The King's Gate (Russian: Королевские ворота, tr.: Korolevskie vorota, German: Königstor) is one of the former six gates that were built during the 19th century around Kaliningrad (the former Prussian city of Königsberg).

The King's Gate was originally the Gumbinnen Gate (German: Gumbinner Tor), built in 1765 at the edge of the district Neue Sorge. In 1811 it was renamed the King's Gate and was the terminus of the Königstraße boulevard. The gate was redesigned by Friedrich August Stüler in 1850. The west facade has three sandstone statues, made by sculptor Wilhelm Stürmer: nine metres above the ground to the left the Bohemian king Ottokar II is depicted, who was Königsberg's namesake. Frederick I of Prussia, Prussia's first king, follows as the middle statue. To the right Albert, Prussia's first duke and founder of the Albertina university, holds an eye over the city. Above the sculptures the coat of arms of Samland and Natangen are shown.

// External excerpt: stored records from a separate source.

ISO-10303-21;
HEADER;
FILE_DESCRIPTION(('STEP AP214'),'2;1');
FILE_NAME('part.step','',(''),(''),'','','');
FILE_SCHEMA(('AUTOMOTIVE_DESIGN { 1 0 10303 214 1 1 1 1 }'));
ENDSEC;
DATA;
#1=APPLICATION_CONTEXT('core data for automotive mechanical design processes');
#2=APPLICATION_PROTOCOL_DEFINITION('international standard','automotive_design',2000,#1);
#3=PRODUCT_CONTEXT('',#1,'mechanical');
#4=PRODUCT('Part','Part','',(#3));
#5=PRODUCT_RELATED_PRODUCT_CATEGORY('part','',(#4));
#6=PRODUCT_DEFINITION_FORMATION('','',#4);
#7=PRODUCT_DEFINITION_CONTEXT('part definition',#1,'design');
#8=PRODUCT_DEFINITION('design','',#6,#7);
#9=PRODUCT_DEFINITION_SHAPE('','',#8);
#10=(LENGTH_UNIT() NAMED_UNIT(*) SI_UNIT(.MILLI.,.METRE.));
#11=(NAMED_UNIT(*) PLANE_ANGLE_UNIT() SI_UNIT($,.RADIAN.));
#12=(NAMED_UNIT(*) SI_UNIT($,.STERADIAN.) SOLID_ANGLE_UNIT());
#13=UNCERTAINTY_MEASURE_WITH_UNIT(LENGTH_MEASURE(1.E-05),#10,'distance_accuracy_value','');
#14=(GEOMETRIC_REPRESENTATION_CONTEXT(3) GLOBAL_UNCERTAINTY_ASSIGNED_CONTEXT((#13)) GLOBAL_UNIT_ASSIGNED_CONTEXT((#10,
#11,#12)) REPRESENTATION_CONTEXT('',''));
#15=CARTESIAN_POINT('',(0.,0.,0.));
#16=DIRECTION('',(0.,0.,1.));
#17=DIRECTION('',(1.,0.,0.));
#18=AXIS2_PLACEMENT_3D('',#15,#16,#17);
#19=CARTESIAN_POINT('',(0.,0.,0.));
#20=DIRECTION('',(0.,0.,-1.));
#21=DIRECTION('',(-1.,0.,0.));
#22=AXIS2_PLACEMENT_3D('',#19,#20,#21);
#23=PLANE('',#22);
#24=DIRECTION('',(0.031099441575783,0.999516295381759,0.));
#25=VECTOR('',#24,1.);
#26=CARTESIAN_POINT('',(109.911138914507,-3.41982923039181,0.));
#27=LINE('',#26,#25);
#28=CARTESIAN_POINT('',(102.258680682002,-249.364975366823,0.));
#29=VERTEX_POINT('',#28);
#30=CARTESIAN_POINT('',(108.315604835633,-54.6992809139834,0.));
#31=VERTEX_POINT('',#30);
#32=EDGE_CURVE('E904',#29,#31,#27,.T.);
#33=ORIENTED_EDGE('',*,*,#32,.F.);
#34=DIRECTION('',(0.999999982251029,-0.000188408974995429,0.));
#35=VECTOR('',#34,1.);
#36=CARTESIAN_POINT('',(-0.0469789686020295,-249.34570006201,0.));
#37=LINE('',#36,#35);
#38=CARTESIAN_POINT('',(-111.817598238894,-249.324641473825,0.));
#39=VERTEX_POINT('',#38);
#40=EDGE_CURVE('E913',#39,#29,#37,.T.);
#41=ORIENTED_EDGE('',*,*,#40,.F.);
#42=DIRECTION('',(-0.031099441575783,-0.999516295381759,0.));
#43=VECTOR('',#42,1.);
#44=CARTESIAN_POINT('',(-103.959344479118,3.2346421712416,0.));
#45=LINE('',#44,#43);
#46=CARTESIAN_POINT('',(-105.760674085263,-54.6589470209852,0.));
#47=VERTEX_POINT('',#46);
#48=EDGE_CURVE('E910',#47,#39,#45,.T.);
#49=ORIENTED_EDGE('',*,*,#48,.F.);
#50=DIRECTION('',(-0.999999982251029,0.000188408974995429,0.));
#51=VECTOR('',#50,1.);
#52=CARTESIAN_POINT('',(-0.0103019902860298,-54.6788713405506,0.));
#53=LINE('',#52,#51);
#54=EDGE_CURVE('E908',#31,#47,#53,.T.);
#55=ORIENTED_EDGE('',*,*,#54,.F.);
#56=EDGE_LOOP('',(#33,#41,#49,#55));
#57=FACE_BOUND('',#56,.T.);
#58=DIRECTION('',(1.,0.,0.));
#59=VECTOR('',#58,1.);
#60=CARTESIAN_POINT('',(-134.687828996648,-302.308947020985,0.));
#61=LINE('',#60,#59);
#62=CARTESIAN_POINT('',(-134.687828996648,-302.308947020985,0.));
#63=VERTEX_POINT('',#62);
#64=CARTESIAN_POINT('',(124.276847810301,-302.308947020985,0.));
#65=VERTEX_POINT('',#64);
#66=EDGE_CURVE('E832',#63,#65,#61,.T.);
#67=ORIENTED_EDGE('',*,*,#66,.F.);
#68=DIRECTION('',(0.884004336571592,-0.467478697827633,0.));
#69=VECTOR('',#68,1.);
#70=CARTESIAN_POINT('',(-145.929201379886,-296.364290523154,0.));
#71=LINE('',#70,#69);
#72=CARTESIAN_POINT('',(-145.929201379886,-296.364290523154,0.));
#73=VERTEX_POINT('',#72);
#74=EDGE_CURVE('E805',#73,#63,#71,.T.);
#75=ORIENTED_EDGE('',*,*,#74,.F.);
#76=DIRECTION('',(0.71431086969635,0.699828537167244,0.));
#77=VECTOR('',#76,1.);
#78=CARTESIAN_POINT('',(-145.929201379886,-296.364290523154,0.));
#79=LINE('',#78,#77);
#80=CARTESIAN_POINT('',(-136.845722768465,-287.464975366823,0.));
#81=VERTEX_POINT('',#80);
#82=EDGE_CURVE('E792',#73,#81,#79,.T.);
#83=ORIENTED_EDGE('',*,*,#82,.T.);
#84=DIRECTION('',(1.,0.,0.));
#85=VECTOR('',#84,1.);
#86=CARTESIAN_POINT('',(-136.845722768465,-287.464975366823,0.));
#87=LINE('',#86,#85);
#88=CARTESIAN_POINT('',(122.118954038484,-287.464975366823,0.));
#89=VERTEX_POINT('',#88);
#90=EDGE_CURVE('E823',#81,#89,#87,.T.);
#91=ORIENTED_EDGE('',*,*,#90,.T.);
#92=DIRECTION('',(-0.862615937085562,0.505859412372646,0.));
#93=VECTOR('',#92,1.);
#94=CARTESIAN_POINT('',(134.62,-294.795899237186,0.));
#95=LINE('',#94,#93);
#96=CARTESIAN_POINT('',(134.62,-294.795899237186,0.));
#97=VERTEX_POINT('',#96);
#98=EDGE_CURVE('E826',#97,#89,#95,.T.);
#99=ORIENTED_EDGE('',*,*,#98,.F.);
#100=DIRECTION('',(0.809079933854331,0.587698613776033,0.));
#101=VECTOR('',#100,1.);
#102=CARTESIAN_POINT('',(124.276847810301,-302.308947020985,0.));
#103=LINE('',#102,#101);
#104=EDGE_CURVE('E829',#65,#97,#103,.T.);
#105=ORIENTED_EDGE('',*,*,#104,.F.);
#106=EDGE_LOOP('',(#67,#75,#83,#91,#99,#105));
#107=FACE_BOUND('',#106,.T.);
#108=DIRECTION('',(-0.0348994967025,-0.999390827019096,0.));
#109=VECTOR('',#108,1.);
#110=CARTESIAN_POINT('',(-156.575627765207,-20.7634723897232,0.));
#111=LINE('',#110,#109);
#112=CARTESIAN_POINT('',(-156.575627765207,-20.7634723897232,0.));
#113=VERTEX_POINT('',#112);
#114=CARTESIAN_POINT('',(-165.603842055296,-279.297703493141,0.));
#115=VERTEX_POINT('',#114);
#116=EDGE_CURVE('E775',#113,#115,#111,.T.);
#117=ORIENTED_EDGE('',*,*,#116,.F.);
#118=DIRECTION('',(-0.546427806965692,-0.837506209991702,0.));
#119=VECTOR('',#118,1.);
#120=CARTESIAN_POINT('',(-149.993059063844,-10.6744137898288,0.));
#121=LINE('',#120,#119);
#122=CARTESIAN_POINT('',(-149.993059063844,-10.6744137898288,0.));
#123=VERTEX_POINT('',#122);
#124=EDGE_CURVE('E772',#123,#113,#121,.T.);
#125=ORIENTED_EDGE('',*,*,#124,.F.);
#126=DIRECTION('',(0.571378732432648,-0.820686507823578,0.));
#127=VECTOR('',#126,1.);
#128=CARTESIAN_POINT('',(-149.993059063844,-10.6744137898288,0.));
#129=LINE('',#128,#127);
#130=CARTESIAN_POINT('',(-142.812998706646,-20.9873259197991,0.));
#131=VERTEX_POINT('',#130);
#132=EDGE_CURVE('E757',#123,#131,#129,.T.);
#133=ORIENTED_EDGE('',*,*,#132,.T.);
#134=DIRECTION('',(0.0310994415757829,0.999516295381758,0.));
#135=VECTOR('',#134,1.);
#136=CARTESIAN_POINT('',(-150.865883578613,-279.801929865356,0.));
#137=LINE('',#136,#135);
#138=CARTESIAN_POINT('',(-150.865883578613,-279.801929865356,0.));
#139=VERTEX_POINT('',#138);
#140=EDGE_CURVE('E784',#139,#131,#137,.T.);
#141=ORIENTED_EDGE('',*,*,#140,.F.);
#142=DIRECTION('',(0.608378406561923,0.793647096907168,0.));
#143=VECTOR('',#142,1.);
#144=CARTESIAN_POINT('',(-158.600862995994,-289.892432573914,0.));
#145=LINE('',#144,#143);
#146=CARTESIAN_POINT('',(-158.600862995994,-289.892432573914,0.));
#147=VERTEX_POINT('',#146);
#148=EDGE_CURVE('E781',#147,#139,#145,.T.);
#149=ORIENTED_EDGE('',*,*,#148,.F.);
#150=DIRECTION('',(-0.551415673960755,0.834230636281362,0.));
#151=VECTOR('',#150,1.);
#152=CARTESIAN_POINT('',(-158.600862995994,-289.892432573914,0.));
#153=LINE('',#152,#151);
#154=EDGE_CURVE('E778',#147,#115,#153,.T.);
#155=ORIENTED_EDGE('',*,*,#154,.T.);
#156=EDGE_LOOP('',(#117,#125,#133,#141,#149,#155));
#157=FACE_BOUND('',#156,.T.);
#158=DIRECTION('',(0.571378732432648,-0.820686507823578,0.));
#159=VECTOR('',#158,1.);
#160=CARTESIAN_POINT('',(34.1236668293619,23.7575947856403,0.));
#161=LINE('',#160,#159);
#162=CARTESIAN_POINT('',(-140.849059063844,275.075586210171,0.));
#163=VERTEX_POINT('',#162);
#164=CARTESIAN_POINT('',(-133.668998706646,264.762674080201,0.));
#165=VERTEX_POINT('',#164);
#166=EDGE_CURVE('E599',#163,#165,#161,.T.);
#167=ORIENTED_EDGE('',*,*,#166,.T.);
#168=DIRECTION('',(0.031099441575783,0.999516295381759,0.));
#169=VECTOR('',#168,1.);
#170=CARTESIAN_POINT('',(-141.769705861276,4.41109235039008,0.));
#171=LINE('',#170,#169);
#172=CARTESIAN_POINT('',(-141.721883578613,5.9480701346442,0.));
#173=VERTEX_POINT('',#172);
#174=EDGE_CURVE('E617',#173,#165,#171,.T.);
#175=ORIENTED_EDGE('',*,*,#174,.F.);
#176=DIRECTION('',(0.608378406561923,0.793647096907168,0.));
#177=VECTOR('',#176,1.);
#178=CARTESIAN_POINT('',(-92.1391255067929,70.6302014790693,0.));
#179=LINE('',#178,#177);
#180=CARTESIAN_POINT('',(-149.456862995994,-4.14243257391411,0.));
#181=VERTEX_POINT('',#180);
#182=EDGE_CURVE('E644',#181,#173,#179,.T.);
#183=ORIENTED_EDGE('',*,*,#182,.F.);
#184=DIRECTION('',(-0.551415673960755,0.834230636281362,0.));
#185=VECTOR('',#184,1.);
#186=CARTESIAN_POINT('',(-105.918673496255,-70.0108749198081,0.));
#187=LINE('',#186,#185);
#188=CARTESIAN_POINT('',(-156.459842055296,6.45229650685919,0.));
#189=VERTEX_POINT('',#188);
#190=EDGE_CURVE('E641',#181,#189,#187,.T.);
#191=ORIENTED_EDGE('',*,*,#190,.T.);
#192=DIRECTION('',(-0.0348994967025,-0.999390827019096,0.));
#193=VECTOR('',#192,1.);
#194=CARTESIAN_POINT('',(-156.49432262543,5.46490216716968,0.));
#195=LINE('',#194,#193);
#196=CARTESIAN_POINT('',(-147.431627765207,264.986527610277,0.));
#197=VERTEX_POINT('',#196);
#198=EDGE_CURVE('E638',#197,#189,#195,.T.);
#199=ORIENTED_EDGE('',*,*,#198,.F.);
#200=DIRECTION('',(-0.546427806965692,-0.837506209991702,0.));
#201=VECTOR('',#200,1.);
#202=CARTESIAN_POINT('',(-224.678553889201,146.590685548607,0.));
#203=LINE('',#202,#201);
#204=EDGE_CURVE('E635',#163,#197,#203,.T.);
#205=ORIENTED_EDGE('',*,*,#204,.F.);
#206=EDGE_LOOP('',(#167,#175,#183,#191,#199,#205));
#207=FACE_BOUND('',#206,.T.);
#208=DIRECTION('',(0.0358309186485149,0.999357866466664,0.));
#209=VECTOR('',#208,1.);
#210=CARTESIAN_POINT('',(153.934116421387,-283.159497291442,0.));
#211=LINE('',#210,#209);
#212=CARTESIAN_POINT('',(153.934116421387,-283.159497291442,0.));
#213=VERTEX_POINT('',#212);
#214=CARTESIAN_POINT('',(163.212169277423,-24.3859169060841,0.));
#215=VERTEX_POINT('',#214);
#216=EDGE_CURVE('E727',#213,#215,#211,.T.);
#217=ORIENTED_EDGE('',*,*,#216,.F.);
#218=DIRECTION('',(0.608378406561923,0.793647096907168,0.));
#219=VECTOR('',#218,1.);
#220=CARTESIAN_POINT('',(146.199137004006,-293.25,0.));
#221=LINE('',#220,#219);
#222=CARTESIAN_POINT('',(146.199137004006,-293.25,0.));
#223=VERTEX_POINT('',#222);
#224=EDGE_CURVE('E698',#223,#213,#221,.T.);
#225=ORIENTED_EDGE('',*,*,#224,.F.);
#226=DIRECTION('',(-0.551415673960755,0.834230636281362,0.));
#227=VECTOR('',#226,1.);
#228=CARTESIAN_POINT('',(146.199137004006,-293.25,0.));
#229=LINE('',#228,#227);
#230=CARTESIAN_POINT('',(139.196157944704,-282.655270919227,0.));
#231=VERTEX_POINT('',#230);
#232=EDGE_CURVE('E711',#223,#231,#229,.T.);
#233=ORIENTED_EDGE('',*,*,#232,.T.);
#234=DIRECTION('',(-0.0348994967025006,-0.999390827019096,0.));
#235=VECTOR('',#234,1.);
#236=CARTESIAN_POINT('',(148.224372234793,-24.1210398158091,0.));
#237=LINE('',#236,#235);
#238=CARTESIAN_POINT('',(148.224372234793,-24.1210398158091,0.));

The gate was damaged during the Second World War. Furthermore, as a first victory celebration, Soviet soldiers decapitated the statues. With the celebration of the city's 750-year existence in June 2005, the gate was renovated. A few months before the beginning of the festivities, the gate was still in a desolate condition. Within a few weeks, however, the gate was restored to its condition before the war. Fully restored statues replaced the decapitated ones on the gate with this renovation.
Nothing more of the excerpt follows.